Async request-reply
Async request-reply is an HTTP pattern where a slow operation returns immediately with a handle the client polls (or gets called back on), decoupling the request from the long-running work behind it.
Why it matters
Some operations are inherently slow — a video transcode, a bulk export, a report that takes minutes. Holding an HTTP connection open that long is fragile: load balancers and proxies kill idle requests (often at 30–60s), retries duplicate work, and a held thread is a wasted resource.

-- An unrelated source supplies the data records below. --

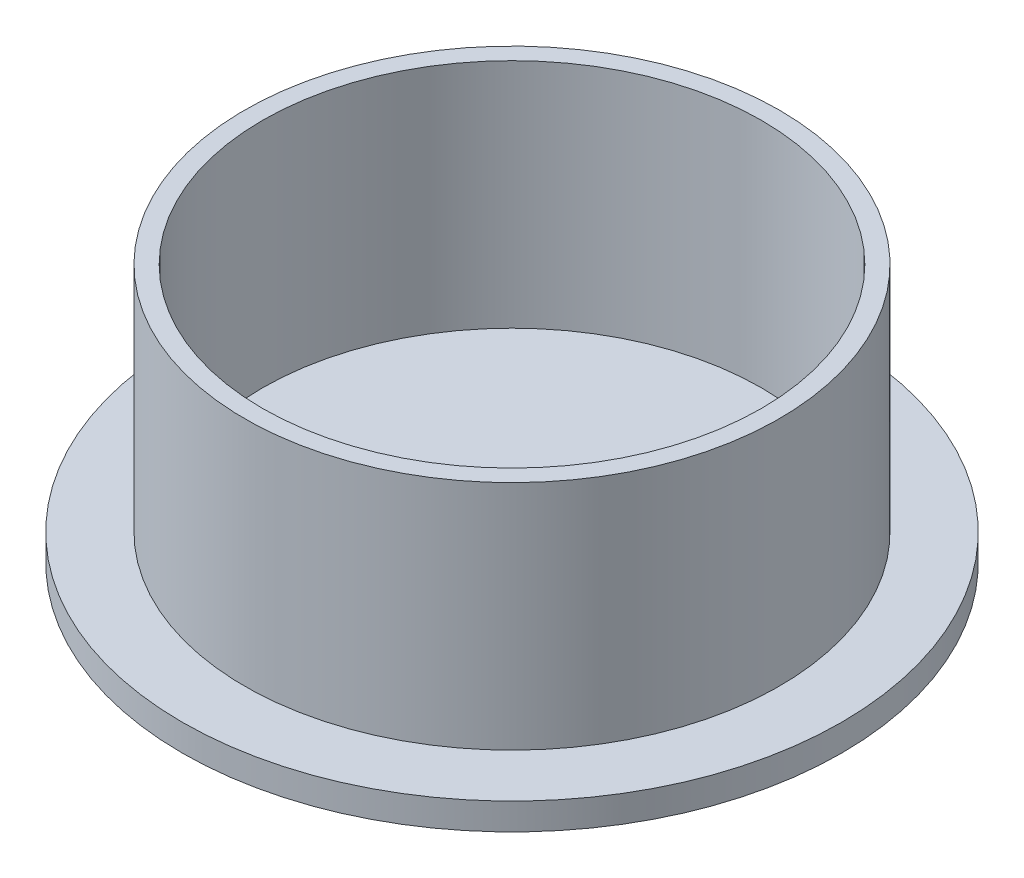
ISO-10303-21;
HEADER;
FILE_DESCRIPTION(('STEP AP214'),'2;1');
FILE_NAME('part.step','',(''),(''),'','','');
FILE_SCHEMA(('AUTOMOTIVE_DESIGN { 1 0 10303 214 1 1 1 1 }'));
ENDSEC;
DATA;
#1=APPLICATION_CONTEXT('core data for automotive mechanical design processes');
#2=APPLICATION_PROTOCOL_DEFINITION('international standard','automotive_design',2000,#1);
#3=PRODUCT_CONTEXT('',#1,'mechanical');
#4=PRODUCT('Part','Part','',(#3));
#5=PRODUCT_RELATED_PRODUCT_CATEGORY('part','',(#4));
#6=PRODUCT_DEFINITION_FORMATION('','',#4);
#7=PRODUCT_DEFINITION_CONTEXT('part definition',#1,'design');
#8=PRODUCT_DEFINITION('design','',#6,#7);
#9=PRODUCT_DEFINITION_SHAPE('','',#8);
#10=(LENGTH_UNIT() NAMED_UNIT(*) SI_UNIT(.MILLI.,.METRE.));
#11=(NAMED_UNIT(*) PLANE_ANGLE_UNIT() SI_UNIT($,.RADIAN.));
#12=(NAMED_UNIT(*) SI_UNIT($,.STERADIAN.) SOLID_ANGLE_UNIT());
#13=UNCERTAINTY_MEASURE_WITH_UNIT(LENGTH_MEASURE(1.E-05),#10,'distance_accuracy_value','');
#14=(GEOMETRIC_REPRESENTATION_CONTEXT(3) GLOBAL_UNCERTAINTY_ASSIGNED_CONTEXT((#13)) GLOBAL_UNIT_ASSIGNED_CONTEXT((#10,
#11,#12)) REPRESENTATION_CONTEXT('',''));
#15=CARTESIAN_POINT('',(0.,0.,0.));
#16=DIRECTION('',(0.,0.,1.));
#17=DIRECTION('',(1.,0.,0.));
#18=AXIS2_PLACEMENT_3D('',#15,#16,#17);
#19=CARTESIAN_POINT('',(0.,3.,0.));
#20=DIRECTION('',(0.,-1.,0.));
#21=DIRECTION('',(0.,0.,-1.));
#22=AXIS2_PLACEMENT_3D('',#19,#20,#21);
#23=CYLINDRICAL_SURFACE('',#22,37.);
#24=CARTESIAN_POINT('',(0.,3.,0.));
#25=DIRECTION('',(0.,1.,0.));
#26=DIRECTION('',(0.,0.,1.));
#27=AXIS2_PLACEMENT_3D('',#24,#25,#26);
#28=CIRCLE('',#27,37.);
#29=CARTESIAN_POINT('',(0.,3.,37.));
#30=VERTEX_POINT('',#29);
#31=EDGE_CURVE('E45',#30,#30,#28,.T.);
#32=ORIENTED_EDGE('',*,*,#31,.F.);
#33=EDGE_LOOP('',(#32));
#34=FACE_BOUND('',#33,.T.);
#35=CARTESIAN_POINT('',(0.,0.,0.));
#36=DIRECTION('',(0.,1.,0.));
#37=DIRECTION('',(0.,0.,1.));
#38=AXIS2_PLACEMENT_3D('',#35,#36,#37);
#39=CIRCLE('',#38,37.);
#40=CARTESIAN_POINT('',(0.,0.,37.));
#41=VERTEX_POINT('',#40);
#42=EDGE_CURVE('E40',#41,#41,#39,.T.);
#43=ORIENTED_EDGE('',*,*,#42,.T.);
#44=EDGE_LOOP('',(#43));
#45=FACE_BOUND('',#44,.T.);
#46=ADVANCED_FACE('F37',(#34,#45),#23,.T.);
#47=CARTESIAN_POINT('',(0.,3.,0.));
#48=DIRECTION('',(0.,1.,0.));
#49=DIRECTION('',(0.,0.,1.));
#50=AXIS2_PLACEMENT_3D('',#47,#48,#49);
#51=PLANE('',#50);
#52=CARTESIAN_POINT('',(0.,3.,0.));
#53=DIRECTION('',(0.,1.,0.));
#54=DIRECTION('',(0.,0.,1.));
#55=AXIS2_PLACEMENT_3D('',#52,#53,#54);
#56=CIRCLE('',#55,30.);
#57=CARTESIAN_POINT('',(0.,3.,-30.));
#58=VERTEX_POINT('',#57);
#59=EDGE_CURVE('E52',#58,#58,#56,.F.);
#60=ORIENTED_EDGE('',*,*,#59,.T.);
#61=EDGE_LOOP('',(#60));
#62=FACE_BOUND('',#61,.T.);
#63=ORIENTED_EDGE('',*,*,#31,.T.);
#64=EDGE_LOOP('',(#63));
#65=FACE_BOUND('',#64,.T.);
#66=ADVANCED_FACE('F123',(#62,#65),#51,.T.);
#67=CARTESIAN_POINT('',(0.,0.,0.));
#68=DIRECTION('',(0.,1.,0.));
#69=DIRECTION('',(0.,0.,1.));
#70=AXIS2_PLACEMENT_3D('',#67,#68,#69);
#71=PLANE('',#70);
#72=CARTESIAN_POINT('',(8.,0.,0.));
#73=DIRECTION('',(0.,1.,0.));
#74=DIRECTION('',(0.,0.,1.));
#75=AXIS2_PLACEMENT_3D('',#72,#73,#74);
#76=CIRCLE('',#75,2.);
#77=CARTESIAN_POINT('',(8.,0.,2.));
#78=VERTEX_POINT('',#77);
#79=EDGE_CURVE('E69',#78,#78,#76,.T.);
#80=ORIENTED_EDGE('',*,*,#79,.T.);
#81=EDGE_LOOP('',(#80));
#82=FACE_BOUND('',#81,.T.);
#83=CARTESIAN_POINT('',(0.,0.,8.));
#84=DIRECTION('',(0.,1.,0.));
#85=DIRECTION('',(0.,0.,1.));
#86=AXIS2_PLACEMENT_3D('',#83,#84,#85);
#87=CIRCLE('',#86,2.);
#88=CARTESIAN_POINT('',(0.,0.,10.));
#89=VERTEX_POINT('',#88);
#90=EDGE_CURVE('E77',#89,#89,#87,.T.);
#91=ORIENTED_EDGE('',*,*,#90,.T.);
#92=EDGE_LOOP('',(#91));
#93=FACE_BOUND('',#92,.T.);
#94=CARTESIAN_POINT('',(-8.,0.,0.));
#95=DIRECTION('',(0.,1.,0.));
#96=DIRECTION('',(0.,0.,1.));
#97=AXIS2_PLACEMENT_3D('',#94,#95,#96);
#98=CIRCLE('',#97,2.);
#99=CARTESIAN_POINT('',(-8.,0.,1.99999999999994));
#100=VERTEX_POINT('',#99);
#101=EDGE_CURVE('E78',#100,#100,#98,.T.);
#102=ORIENTED_EDGE('',*,*,#101,.T.);
#103=EDGE_LOOP('',(#102));
#104=FACE_BOUND('',#103,.T.);
#105=CARTESIAN_POINT('',(0.,0.,-8.));
#106=DIRECTION('',(0.,1.,0.));
#107=DIRECTION('',(0.,0.,1.));
#108=AXIS2_PLACEMENT_3D('',#105,#106,#107);
#109=CIRCLE('',#108,2.);
#110=CARTESIAN_POINT('',(0.,0.,-6.));
#111=VERTEX_POINT('',#110);
#112=EDGE_CURVE('E93',#111,#111,#109,.T.);
#113=ORIENTED_EDGE('',*,*,#112,.T.);
#114=EDGE_LOOP('',(#113));
#115=FACE_BOUND('',#114,.T.);
#116=CARTESIAN_POINT('',(0.,0.,0.));
#117=DIRECTION('',(0.,1.,0.));
#118=DIRECTION('',(0.,0.,1.));
#119=AXIS2_PLACEMENT_3D('',#116,#117,#118);
#120=CIRCLE('',#119,4.);
#121=CARTESIAN_POINT('',(0.,0.,4.));
#122=VERTEX_POINT('',#121);
#123=EDGE_CURVE('E64',#122,#122,#120,.T.);
#124=ORIENTED_EDGE('',*,*,#123,.T.);
#125=EDGE_LOOP('',(#124));
#126=FACE_BOUND('',#125,.T.);
#127=ORIENTED_EDGE('',*,*,#42,.F.);
#128=EDGE_LOOP('',(#127));
#129=FACE_BOUND('',#128,.T.);
#130=ADVANCED_FACE('F105',(#82,#93,#104,#115,#126,#129),#71,.F.);
#131=CARTESIAN_POINT('',(0.,29.,0.));
#132=DIRECTION('',(0.,-1.,0.));
#133=DIRECTION('',(0.,0.,-1.));
#134=AXIS2_PLACEMENT_3D('',#131,#132,#133);
#135=CYLINDRICAL_SURFACE('',#134,28.);
#136=CARTESIAN_POINT('',(0.,3.,0.));
#137=DIRECTION('',(0.,1.,0.));
#138=DIRECTION('',(0.,0.,1.));
#139=AXIS2_PLACEMENT_3D('',#136,#137,#138);
#140=CIRCLE('',#139,28.);
#141=CARTESIAN_POINT('',(0.,3.,-28.));
#142=VERTEX_POINT('',#141);
#143=EDGE_CURVE('E10',#142,#142,#140,.F.);
#144=CARTESIAN_POINT('',(0.,29.,0.));
#145=DIRECTION('',(0.,1.,0.));
#146=DIRECTION('',(0.,0.,1.));
#147=AXIS2_PLACEMENT_3D('',#144,#145,#146);
#148=CIRCLE('',#147,28.);
#149=CARTESIAN_POINT('',(0.,29.,-28.));
#150=VERTEX_POINT('',#149);
#151=EDGE_CURVE('E60',#150,#150,#148,.T.);
#152=CARTESIAN_POINT('',(0.,3.,-28.));
#153=CARTESIAN_POINT('',(0.,3.27083333333333,-28.));
#154=CARTESIAN_POINT('',(0.,3.54166666666666,-28.));
#155=CARTESIAN_POINT('',(0.,4.08333333333333,-28.));
#156=CARTESIAN_POINT('',(0.,4.35416666666666,-28.));
#157=CARTESIAN_POINT('',(0.,4.89583333333333,-28.));
#158=CARTESIAN_POINT('',(0.,5.16666666666666,-28.));
#159=CARTESIAN_POINT('',(0.,5.70833333333333,-28.));
#160=CARTESIAN_POINT('',(0.,5.97916666666667,-28.));
#161=CARTESIAN_POINT('',(0.,6.52083333333333,-28.));
#162=CARTESIAN_POINT('',(0.,6.79166666666667,-28.));
#163=CARTESIAN_POINT('',(0.,7.33333333333333,-28.));
#164=CARTESIAN_POINT('',(0.,7.60416666666666,-28.));
#165=CARTESIAN_POINT('',(0.,8.14583333333333,-28.));
#166=CARTESIAN_POINT('',(0.,8.41666666666666,-28.));
#167=CARTESIAN_POINT('',(0.,8.95833333333333,-28.));
#168=CARTESIAN_POINT('',(0.,9.22916666666666,-28.));
#169=CARTESIAN_POINT('',(0.,9.77083333333333,-28.));
#170=CARTESIAN_POINT('',(0.,10.0416666666667,-28.));
#171=CARTESIAN_POINT('',(0.,10.5833333333333,-28.));
#172=CARTESIAN_POINT('',(0.,10.8541666666667,-28.));
#173=CARTESIAN_POINT('',(0.,11.3958333333333,-28.));
#174=CARTESIAN_POINT('',(0.,11.6666666666667,-28.));
#175=CARTESIAN_POINT('',(0.,12.2083333333333,-28.));
#176=CARTESIAN_POINT('',(0.,12.4791666666667,-28.));
#177=CARTESIAN_POINT('',(0.,13.0208333333333,-28.));
#178=CARTESIAN_POINT('',(0.,13.2916666666667,-28.));
#179=CARTESIAN_POINT('',(0.,13.8333333333333,-28.));
#180=CARTESIAN_POINT('',(0.,14.1041666666667,-28.));
#181=CARTESIAN_POINT('',(0.,14.6458333333333,-28.));
#182=CARTESIAN_POINT('',(0.,14.9166666666667,-28.));
#183=CARTESIAN_POINT('',(0.,15.4583333333333,-28.));
#184=CARTESIAN_POINT('',(0.,15.7291666666667,-28.));
#185=CARTESIAN_POINT('',(0.,16.2708333333333,-28.));
#186=CARTESIAN_POINT('',(0.,16.5416666666667,-28.));
#187=CARTESIAN_POINT('',(0.,17.0833333333333,-28.));
#188=CARTESIAN_POINT('',(0.,17.3541666666667,-28.));
#189=CARTESIAN_POINT('',(0.,17.8958333333333,-28.));
#190=CARTESIAN_POINT('',(0.,18.1666666666667,-28.));
#191=CARTESIAN_POINT('',(0.,18.7083333333333,-28.));
#192=CARTESIAN_POINT('',(0.,18.9791666666667,-28.));
#193=CARTESIAN_POINT('',(0.,19.5208333333333,-28.));
#194=CARTESIAN_POINT('',(0.,19.7916666666667,-28.));
#195=CARTESIAN_POINT('',(0.,20.3333333333333,-28.));
#196=CARTESIAN_POINT('',(0.,20.6041666666667,-28.));
#197=CARTESIAN_POINT('',(0.,21.1458333333333,-28.));
#198=CARTESIAN_POINT('',(0.,21.4166666666667,-28.));
#199=CARTESIAN_POINT('',(0.,21.9583333333333,-28.));
#200=CARTESIAN_POINT('',(0.,22.2291666666667,-28.));
#201=CARTESIAN_POINT('',(0.,22.7708333333333,-28.));
#202=CARTESIAN_POINT('',(0.,23.0416666666667,-28.));
#203=CARTESIAN_POINT('',(0.,23.5833333333333,-28.));
#204=CARTESIAN_POINT('',(0.,23.8541666666667,-28.));
#205=CARTESIAN_POINT('',(0.,24.3958333333333,-28.));
#206=CARTESIAN_POINT('',(0.,24.6666666666667,-28.));
#207=CARTESIAN_POINT('',(0.,25.2083333333333,-28.));
#208=CARTESIAN_POINT('',(0.,25.4791666666667,-28.));
#209=CARTESIAN_POINT('',(0.,26.0208333333333,-28.));
#210=CARTESIAN_POINT('',(0.,26.2916666666667,-28.));
#211=CARTESIAN_POINT('',(0.,26.8333333333333,-28.));
#212=CARTESIAN_POINT('',(0.,27.1041666666667,-28.));
#213=CARTESIAN_POINT('',(0.,27.6458333333333,-28.));
#214=CARTESIAN_POINT('',(0.,27.9166666666667,-28.));
#215=CARTESIAN_POINT('',(0.,28.4583333333333,-28.));
#216=CARTESIAN_POINT('',(0.,28.7291666666667,-28.));
#217=CARTESIAN_POINT('',(0.,29.,-28.));
#218=B_SPLINE_CURVE_WITH_KNOTS('',3,(#152,#153,#154,#155,#156,#157,#158,#159,#160,#161,#162,
#163,#164,#165,#166,#167,#168,#169,#170,#171,#172,#173,#174,#175,#176,#177,#178,#179,#180,#181,
#182,#183,#184,#185,#186,#187,#188,#189,#190,#191,#192,#193,#194,#195,#196,#197,#198,#199,#200,
#201,#202,#203,#204,#205,#206,#207,#208,#209,#210,#211,#212,#213,#214,#215,#216,#217),
.UNSPECIFIED.,.F.,.F.,(4,2,2,2,2,2,2,2,2,2,2,2,2,2,2,2,2,2,2,2,2,2,2,2,2,2,2,2,2,2,2,2,4),(0.,
0.812500000000001,1.625,2.4375,3.25,4.0625,4.875,5.6875,6.5,7.3125,8.125,8.9375,9.75,10.5625,
11.375,12.1875,13.,13.8125,14.625,15.4375,16.25,17.0625,17.875,18.6875,19.5,20.3125,21.125,
21.9375,22.75,23.5625,24.375,25.1875,26.),.UNSPECIFIED.);
#219=EDGE_CURVE('BSEAM153',#142,#150,#218,.T.);
#220=ORIENTED_EDGE('',*,*,#143,.T.);
#221=ORIENTED_EDGE('',*,*,#151,.T.);
#222=ORIENTED_EDGE('',*,*,#219,.T.);
#223=ORIENTED_EDGE('',*,*,#219,.F.);
#224=EDGE_LOOP('',(#220,#222,#221,#223));
#225=FACE_BOUND('',#224,.T.);
#226=ADVANCED_FACE('F153',(#225),#135,.F.);
#227=CARTESIAN_POINT('',(0.,29.,0.));
#228=DIRECTION('',(0.,-1.,0.));
#229=DIRECTION('',(0.,0.,-1.));
#230=AXIS2_PLACEMENT_3D('',#227,#228,#229);
#231=CYLINDRICAL_SURFACE('',#230,30.);
#232=CARTESIAN_POINT('',(0.,29.,0.));
#233=DIRECTION('',(0.,1.,0.));
#234=DIRECTION('',(0.,0.,1.));
#235=AXIS2_PLACEMENT_3D('',#232,#233,#234);
#236=CIRCLE('',#235,30.);
#237=CARTESIAN_POINT('',(0.,29.,-30.));
#238=VERTEX_POINT('',#237);
#239=EDGE_CURVE('E56',#238,#238,#236,.T.);
#240=CARTESIAN_POINT('',(0.,3.,-30.));
#241=CARTESIAN_POINT('',(0.,3.27083333333333,-30.));
#242=CARTESIAN_POINT('',(0.,3.54166666666666,-30.));
#243=CARTESIAN_POINT('',(0.,4.08333333333333,-30.));
#244=CARTESIAN_POINT('',(0.,4.35416666666666,-30.));
#245=CARTESIAN_POINT('',(0.,4.89583333333333,-30.));
#246=CARTESIAN_POINT('',(0.,5.16666666666666,-30.));
#247=CARTESIAN_POINT('',(0.,5.70833333333333,-30.));
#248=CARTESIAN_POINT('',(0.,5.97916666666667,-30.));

Async request-reply lets the server accept the job, free the connection, and let the client check back — giving a clean, timeout-proof contract for work that can’t finish within a normal request window.
How it works
The server returns 202 Accepted with a Location header pointing at a status resource the client polls until the result is ready:
| Step | Request | Response |
|---|---|---|
| 1. Submit | POST /reports | 202, Location: /reports/abc/status |
| 2. Poll | GET /reports/abc/status | 200 running, or 303 → result |
| 3. Fetch | GET /reports/abc | 200 + the finished report |
Behind the 202, the work goes onto a queue or task queue for a worker to process. Use Retry-After on the status response to pace the client’s polling and avoid a tight loop. For lower latency or many waiters, replace polling with a webhook callback or a WebSocket/SSE push. The status endpoint should be cheap and idempotent — it’s read far more often than the submit. This is the HTTP-facing complement to the internal async machinery in your API design.
Example
Bulk CSV export of a large account:
POST /exports → 202 Location: /exports/9f/status
(job enqueued for a worker)
GET /exports/9f/status → 200 {"status":"running"} Retry-After: 5
... worker finishes, writes file to S3 ...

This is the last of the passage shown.